The stretch wanted below opens at the line containing "#53=DIRECTION('',(1.,0.,0.));" and closes at the line containing "#106=EDGE_CURVE('E288',#103,#105,#101,.T.);". Please return it exactly, with no other lines.

*** Block opens ***

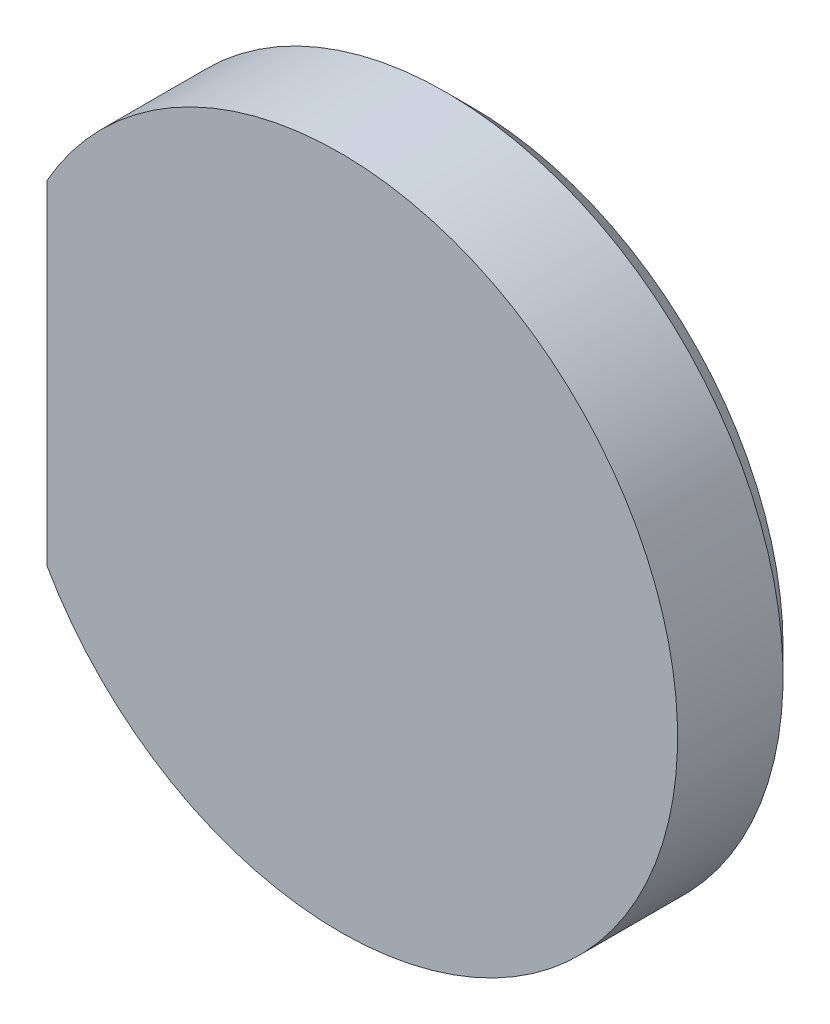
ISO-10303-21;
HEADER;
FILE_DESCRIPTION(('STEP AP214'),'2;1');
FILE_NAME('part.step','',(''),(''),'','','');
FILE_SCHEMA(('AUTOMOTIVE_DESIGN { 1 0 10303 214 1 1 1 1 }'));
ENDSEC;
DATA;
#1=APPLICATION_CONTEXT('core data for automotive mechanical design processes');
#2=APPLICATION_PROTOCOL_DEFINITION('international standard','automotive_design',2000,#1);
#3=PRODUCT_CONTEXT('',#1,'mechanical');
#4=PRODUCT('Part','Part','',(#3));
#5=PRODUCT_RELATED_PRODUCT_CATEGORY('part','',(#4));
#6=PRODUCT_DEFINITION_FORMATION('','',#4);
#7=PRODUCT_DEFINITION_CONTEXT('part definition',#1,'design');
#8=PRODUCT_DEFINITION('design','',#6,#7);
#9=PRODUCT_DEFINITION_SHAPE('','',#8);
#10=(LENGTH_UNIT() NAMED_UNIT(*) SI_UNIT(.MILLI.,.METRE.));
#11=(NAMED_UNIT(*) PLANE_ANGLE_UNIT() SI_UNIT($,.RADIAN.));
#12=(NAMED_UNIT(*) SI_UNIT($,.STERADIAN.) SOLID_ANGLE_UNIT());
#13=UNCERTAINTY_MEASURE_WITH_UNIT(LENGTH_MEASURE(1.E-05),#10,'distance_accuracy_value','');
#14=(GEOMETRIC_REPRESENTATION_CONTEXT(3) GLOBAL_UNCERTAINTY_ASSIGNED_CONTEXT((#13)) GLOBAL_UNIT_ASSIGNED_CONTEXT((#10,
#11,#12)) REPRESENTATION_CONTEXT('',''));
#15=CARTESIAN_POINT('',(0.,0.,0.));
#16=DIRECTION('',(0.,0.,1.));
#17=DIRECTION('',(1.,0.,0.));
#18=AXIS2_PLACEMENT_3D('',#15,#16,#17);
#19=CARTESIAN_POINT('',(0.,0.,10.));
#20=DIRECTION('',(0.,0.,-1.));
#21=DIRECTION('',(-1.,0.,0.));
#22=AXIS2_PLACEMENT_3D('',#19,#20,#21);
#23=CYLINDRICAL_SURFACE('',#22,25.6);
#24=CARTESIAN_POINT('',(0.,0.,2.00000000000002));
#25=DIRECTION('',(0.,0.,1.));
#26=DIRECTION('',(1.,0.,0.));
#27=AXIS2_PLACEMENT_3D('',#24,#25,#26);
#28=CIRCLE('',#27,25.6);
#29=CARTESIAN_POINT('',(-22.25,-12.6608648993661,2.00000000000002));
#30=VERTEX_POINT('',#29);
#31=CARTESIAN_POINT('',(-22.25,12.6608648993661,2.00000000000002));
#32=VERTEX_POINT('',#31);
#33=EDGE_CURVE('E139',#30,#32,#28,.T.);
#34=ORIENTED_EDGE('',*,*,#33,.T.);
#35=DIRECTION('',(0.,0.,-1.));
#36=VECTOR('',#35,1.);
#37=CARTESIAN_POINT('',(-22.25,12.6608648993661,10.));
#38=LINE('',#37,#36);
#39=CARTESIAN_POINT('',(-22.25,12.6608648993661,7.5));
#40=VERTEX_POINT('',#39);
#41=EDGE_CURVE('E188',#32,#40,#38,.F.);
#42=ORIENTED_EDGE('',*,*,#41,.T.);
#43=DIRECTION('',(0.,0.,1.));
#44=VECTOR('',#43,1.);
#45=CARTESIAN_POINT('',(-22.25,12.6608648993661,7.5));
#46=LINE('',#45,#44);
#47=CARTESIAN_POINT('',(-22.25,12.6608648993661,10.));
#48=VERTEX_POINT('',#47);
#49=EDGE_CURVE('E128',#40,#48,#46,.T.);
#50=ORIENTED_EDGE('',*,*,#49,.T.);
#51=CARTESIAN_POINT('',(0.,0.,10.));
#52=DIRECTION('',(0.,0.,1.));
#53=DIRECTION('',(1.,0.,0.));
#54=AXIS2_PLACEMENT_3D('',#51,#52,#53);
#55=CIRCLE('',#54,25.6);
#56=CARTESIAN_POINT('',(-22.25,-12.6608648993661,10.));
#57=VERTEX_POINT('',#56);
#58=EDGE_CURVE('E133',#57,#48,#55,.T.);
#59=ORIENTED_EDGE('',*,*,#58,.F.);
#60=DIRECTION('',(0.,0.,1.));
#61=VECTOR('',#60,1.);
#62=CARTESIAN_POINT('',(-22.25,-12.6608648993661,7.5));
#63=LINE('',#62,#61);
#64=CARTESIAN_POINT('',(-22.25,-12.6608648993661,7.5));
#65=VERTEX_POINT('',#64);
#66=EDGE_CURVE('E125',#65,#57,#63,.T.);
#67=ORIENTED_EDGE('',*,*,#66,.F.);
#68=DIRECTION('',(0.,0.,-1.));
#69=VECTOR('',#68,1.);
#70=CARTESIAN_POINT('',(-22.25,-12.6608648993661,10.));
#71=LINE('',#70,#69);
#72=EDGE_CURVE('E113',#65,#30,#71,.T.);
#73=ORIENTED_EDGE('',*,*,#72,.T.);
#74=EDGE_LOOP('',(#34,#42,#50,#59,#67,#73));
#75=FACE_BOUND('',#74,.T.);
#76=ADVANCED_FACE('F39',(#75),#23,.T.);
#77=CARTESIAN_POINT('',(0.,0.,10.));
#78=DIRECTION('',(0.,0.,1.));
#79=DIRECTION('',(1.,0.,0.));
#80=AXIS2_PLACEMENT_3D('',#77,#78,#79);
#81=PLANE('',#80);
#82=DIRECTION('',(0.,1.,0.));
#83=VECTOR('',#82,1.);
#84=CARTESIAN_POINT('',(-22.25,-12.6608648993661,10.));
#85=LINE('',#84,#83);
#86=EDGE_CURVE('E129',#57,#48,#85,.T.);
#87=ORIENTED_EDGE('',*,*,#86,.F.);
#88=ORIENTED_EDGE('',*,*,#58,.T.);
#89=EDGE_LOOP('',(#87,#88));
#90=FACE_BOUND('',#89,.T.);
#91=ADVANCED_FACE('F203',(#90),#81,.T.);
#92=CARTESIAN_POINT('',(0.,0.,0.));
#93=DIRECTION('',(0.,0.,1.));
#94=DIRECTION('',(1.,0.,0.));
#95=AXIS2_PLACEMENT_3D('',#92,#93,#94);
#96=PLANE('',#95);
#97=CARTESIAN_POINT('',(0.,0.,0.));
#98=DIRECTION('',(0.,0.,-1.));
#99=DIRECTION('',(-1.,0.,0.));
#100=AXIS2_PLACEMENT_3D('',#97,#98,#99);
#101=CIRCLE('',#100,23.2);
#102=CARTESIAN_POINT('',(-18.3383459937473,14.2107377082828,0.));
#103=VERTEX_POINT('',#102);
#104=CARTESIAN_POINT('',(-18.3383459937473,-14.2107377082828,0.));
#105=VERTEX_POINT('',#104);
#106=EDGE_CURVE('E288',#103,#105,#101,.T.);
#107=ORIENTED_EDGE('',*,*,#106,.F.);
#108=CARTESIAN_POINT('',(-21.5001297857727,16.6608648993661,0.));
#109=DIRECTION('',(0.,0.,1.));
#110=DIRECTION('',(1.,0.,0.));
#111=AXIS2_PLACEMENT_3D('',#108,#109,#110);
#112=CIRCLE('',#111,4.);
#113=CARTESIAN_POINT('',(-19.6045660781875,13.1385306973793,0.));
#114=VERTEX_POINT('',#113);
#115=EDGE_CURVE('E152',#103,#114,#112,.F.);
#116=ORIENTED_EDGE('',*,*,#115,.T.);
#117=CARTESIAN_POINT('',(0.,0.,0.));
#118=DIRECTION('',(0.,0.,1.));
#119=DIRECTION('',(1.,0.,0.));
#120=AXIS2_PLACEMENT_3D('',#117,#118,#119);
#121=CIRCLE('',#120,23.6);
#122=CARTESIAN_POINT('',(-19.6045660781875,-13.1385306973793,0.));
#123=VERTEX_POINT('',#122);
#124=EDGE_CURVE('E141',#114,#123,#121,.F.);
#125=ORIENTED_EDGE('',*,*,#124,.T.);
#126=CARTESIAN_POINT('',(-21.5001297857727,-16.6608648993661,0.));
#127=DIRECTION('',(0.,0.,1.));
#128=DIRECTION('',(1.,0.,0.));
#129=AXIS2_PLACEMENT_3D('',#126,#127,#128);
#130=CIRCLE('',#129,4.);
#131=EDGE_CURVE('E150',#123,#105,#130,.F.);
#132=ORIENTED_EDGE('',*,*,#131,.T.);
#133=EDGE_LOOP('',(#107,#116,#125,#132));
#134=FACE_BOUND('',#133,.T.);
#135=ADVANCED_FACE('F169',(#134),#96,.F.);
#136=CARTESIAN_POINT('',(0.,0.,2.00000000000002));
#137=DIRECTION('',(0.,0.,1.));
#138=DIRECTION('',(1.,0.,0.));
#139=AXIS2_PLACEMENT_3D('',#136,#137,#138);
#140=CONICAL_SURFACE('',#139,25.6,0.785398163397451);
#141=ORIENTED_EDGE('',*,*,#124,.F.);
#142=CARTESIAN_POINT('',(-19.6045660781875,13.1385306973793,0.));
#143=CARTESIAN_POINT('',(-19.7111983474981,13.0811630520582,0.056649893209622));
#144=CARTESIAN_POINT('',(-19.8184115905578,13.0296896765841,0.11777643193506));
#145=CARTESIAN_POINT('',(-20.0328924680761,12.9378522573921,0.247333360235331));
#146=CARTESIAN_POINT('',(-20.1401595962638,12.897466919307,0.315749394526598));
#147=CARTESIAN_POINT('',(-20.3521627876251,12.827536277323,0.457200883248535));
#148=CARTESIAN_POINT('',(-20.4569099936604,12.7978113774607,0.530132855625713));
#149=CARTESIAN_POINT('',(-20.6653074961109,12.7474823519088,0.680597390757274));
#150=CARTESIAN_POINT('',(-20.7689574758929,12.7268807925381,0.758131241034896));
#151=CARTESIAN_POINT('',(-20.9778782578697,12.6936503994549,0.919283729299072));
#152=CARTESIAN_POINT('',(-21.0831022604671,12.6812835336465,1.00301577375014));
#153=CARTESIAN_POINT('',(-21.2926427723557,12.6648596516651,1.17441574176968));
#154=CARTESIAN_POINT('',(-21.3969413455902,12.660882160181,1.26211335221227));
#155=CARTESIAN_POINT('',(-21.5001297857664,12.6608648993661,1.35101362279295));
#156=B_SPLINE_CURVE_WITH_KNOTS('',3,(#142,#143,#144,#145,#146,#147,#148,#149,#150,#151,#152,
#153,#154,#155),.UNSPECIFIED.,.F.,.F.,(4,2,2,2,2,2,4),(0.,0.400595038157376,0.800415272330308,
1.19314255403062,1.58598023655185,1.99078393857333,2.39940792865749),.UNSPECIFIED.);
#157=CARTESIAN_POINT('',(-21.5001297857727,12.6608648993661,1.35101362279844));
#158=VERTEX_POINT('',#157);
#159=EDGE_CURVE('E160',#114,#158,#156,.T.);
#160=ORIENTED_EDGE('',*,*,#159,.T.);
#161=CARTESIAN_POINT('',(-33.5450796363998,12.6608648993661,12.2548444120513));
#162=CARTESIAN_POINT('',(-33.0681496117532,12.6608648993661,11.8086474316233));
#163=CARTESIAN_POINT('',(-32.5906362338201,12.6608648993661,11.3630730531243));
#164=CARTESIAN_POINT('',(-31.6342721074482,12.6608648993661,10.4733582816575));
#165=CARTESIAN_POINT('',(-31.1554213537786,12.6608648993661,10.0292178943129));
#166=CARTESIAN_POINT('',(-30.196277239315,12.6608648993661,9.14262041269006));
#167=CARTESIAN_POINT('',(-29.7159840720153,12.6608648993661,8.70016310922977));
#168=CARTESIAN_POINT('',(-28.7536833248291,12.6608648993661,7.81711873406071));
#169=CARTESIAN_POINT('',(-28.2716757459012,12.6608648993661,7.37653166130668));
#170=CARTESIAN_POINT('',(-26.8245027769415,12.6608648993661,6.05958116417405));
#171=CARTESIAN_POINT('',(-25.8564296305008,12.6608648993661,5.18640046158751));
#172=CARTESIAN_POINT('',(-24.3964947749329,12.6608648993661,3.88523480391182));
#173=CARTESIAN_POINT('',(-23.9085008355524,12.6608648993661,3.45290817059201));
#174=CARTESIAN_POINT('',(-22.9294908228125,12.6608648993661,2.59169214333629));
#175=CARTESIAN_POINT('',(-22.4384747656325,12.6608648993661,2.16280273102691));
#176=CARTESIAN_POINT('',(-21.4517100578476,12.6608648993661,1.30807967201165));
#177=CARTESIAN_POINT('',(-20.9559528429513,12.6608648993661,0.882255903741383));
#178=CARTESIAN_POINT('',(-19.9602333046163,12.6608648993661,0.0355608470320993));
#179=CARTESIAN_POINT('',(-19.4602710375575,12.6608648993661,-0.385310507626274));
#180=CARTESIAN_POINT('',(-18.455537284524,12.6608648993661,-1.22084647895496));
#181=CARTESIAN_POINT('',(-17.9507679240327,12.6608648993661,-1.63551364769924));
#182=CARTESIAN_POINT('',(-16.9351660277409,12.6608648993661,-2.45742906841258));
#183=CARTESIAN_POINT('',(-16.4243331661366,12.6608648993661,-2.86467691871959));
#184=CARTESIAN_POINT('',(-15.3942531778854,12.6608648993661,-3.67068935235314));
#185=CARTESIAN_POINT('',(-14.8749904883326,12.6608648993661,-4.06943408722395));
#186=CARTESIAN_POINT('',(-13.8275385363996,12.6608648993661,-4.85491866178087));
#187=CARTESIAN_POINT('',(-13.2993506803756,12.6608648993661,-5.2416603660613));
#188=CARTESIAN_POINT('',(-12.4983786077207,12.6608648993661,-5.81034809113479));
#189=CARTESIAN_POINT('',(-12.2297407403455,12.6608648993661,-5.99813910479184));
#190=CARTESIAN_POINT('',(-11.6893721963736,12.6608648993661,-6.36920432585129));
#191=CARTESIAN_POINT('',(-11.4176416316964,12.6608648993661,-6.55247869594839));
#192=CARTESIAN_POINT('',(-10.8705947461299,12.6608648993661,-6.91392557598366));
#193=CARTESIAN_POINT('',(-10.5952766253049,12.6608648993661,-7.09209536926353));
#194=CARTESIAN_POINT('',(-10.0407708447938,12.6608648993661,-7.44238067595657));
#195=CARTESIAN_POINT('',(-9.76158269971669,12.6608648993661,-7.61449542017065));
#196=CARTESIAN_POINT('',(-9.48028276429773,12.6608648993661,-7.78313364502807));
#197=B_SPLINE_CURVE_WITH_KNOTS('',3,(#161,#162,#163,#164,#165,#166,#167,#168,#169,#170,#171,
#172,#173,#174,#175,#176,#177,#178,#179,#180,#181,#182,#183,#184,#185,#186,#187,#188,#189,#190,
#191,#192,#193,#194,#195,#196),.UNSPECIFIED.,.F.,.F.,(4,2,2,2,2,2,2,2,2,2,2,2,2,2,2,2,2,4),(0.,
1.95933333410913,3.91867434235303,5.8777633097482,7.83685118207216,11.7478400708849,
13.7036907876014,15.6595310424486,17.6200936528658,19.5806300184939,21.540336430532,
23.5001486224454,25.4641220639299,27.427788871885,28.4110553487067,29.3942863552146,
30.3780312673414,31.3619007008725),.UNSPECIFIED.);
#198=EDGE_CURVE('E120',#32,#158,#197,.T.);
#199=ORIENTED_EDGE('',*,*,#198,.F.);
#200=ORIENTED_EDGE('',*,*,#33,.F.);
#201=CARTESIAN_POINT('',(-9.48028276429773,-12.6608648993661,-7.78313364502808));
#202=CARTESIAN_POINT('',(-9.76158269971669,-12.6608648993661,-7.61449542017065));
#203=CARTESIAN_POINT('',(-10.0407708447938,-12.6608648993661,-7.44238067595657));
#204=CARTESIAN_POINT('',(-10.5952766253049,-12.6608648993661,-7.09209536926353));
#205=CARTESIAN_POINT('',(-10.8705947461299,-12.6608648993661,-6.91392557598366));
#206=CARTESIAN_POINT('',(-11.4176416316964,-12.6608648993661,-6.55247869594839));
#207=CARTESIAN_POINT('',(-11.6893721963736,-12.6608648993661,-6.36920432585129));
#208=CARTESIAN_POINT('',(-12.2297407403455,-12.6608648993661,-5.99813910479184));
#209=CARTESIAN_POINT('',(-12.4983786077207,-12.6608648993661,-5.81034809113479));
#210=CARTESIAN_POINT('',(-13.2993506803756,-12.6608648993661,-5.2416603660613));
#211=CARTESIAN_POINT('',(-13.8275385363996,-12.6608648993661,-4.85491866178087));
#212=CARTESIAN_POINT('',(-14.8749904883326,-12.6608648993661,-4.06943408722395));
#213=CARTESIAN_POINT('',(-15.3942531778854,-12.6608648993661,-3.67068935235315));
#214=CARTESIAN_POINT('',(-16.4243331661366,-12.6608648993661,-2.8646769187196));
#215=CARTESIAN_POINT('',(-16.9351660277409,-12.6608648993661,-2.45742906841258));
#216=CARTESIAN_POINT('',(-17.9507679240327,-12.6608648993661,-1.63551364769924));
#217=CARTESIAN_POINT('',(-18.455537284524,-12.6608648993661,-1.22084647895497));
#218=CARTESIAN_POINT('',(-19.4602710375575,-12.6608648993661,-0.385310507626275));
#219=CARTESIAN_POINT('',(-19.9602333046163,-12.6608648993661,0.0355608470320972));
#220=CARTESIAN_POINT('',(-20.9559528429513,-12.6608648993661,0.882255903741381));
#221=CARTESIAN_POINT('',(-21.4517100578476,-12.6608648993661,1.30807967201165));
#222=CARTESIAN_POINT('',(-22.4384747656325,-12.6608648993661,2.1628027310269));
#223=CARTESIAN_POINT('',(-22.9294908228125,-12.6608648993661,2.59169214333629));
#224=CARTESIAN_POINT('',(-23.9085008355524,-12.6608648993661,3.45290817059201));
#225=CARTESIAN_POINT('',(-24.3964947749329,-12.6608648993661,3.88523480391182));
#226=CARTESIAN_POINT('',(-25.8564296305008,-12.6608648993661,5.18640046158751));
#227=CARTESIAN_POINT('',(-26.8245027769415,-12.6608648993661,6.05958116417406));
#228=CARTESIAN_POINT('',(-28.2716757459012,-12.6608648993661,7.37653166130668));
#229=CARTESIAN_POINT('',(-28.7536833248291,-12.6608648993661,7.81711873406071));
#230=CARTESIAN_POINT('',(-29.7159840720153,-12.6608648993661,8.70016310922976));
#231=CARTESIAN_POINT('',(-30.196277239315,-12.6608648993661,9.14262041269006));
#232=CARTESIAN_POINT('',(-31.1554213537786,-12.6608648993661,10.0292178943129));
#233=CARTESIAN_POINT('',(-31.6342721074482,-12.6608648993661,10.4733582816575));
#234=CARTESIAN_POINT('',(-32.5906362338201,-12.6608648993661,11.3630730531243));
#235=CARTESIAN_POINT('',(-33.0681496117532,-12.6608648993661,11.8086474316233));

*** Block closes ***

**Exercise solution**
#53=DIRECTION('',(1.,0.,0.));
#54=AXIS2_PLACEMENT_3D('',#51,#52,#53);
#55=CIRCLE('',#54,25.6);
#56=CARTESIAN_POINT('',(-22.25,-12.6608648993661,10.));
#57=VERTEX_POINT('',#56);
#58=EDGE_CURVE('E133',#57,#48,#55,.T.);
#59=ORIENTED_EDGE('',*,*,#58,.F.);
#60=DIRECTION('',(0.,0.,1.));
#61=VECTOR('',#60,1.);
#62=CARTESIAN_POINT('',(-22.25,-12.6608648993661,7.5));
#63=LINE('',#62,#61);
#64=CARTESIAN_POINT('',(-22.25,-12.6608648993661,7.5));
#65=VERTEX_POINT('',#64);
#66=EDGE_CURVE('E125',#65,#57,#63,.T.);
#67=ORIENTED_EDGE('',*,*,#66,.F.);
#68=DIRECTION('',(0.,0.,-1.));
#69=VECTOR('',#68,1.);
#70=CARTESIAN_POINT('',(-22.25,-12.6608648993661,10.));
#71=LINE('',#70,#69);
#72=EDGE_CURVE('E113',#65,#30,#71,.T.);
#73=ORIENTED_EDGE('',*,*,#72,.T.);
#74=EDGE_LOOP('',(#34,#42,#50,#59,#67,#73));
#75=FACE_BOUND('',#74,.T.);
#76=ADVANCED_FACE('F39',(#75),#23,.T.);
#77=CARTESIAN_POINT('',(0.,0.,10.));
#78=DIRECTION('',(0.,0.,1.));
#79=DIRECTION('',(1.,0.,0.));
#80=AXIS2_PLACEMENT_3D('',#77,#78,#79);
#81=PLANE('',#80);
#82=DIRECTION('',(0.,1.,0.));
#83=VECTOR('',#82,1.);
#84=CARTESIAN_POINT('',(-22.25,-12.6608648993661,10.));
#85=LINE('',#84,#83);
#86=EDGE_CURVE('E129',#57,#48,#85,.T.);
#87=ORIENTED_EDGE('',*,*,#86,.F.);
#88=ORIENTED_EDGE('',*,*,#58,.T.);
#89=EDGE_LOOP('',(#87,#88));
#90=FACE_BOUND('',#89,.T.);
#91=ADVANCED_FACE('F203',(#90),#81,.T.);
#92=CARTESIAN_POINT('',(0.,0.,0.));
#93=DIRECTION('',(0.,0.,1.));
#94=DIRECTION('',(1.,0.,0.));
#95=AXIS2_PLACEMENT_3D('',#92,#93,#94);
#96=PLANE('',#95);
#97=CARTESIAN_POINT('',(0.,0.,0.));
#98=DIRECTION('',(0.,0.,-1.));
#99=DIRECTION('',(-1.,0.,0.));
#100=AXIS2_PLACEMENT_3D('',#97,#98,#99);
#101=CIRCLE('',#100,23.2);
#102=CARTESIAN_POINT('',(-18.3383459937473,14.2107377082828,0.));
#103=VERTEX_POINT('',#102);
#104=CARTESIAN_POINT('',(-18.3383459937473,-14.2107377082828,0.));
#105=VERTEX_POINT('',#104);
#106=EDGE_CURVE('E288',#103,#105,#101,.T.);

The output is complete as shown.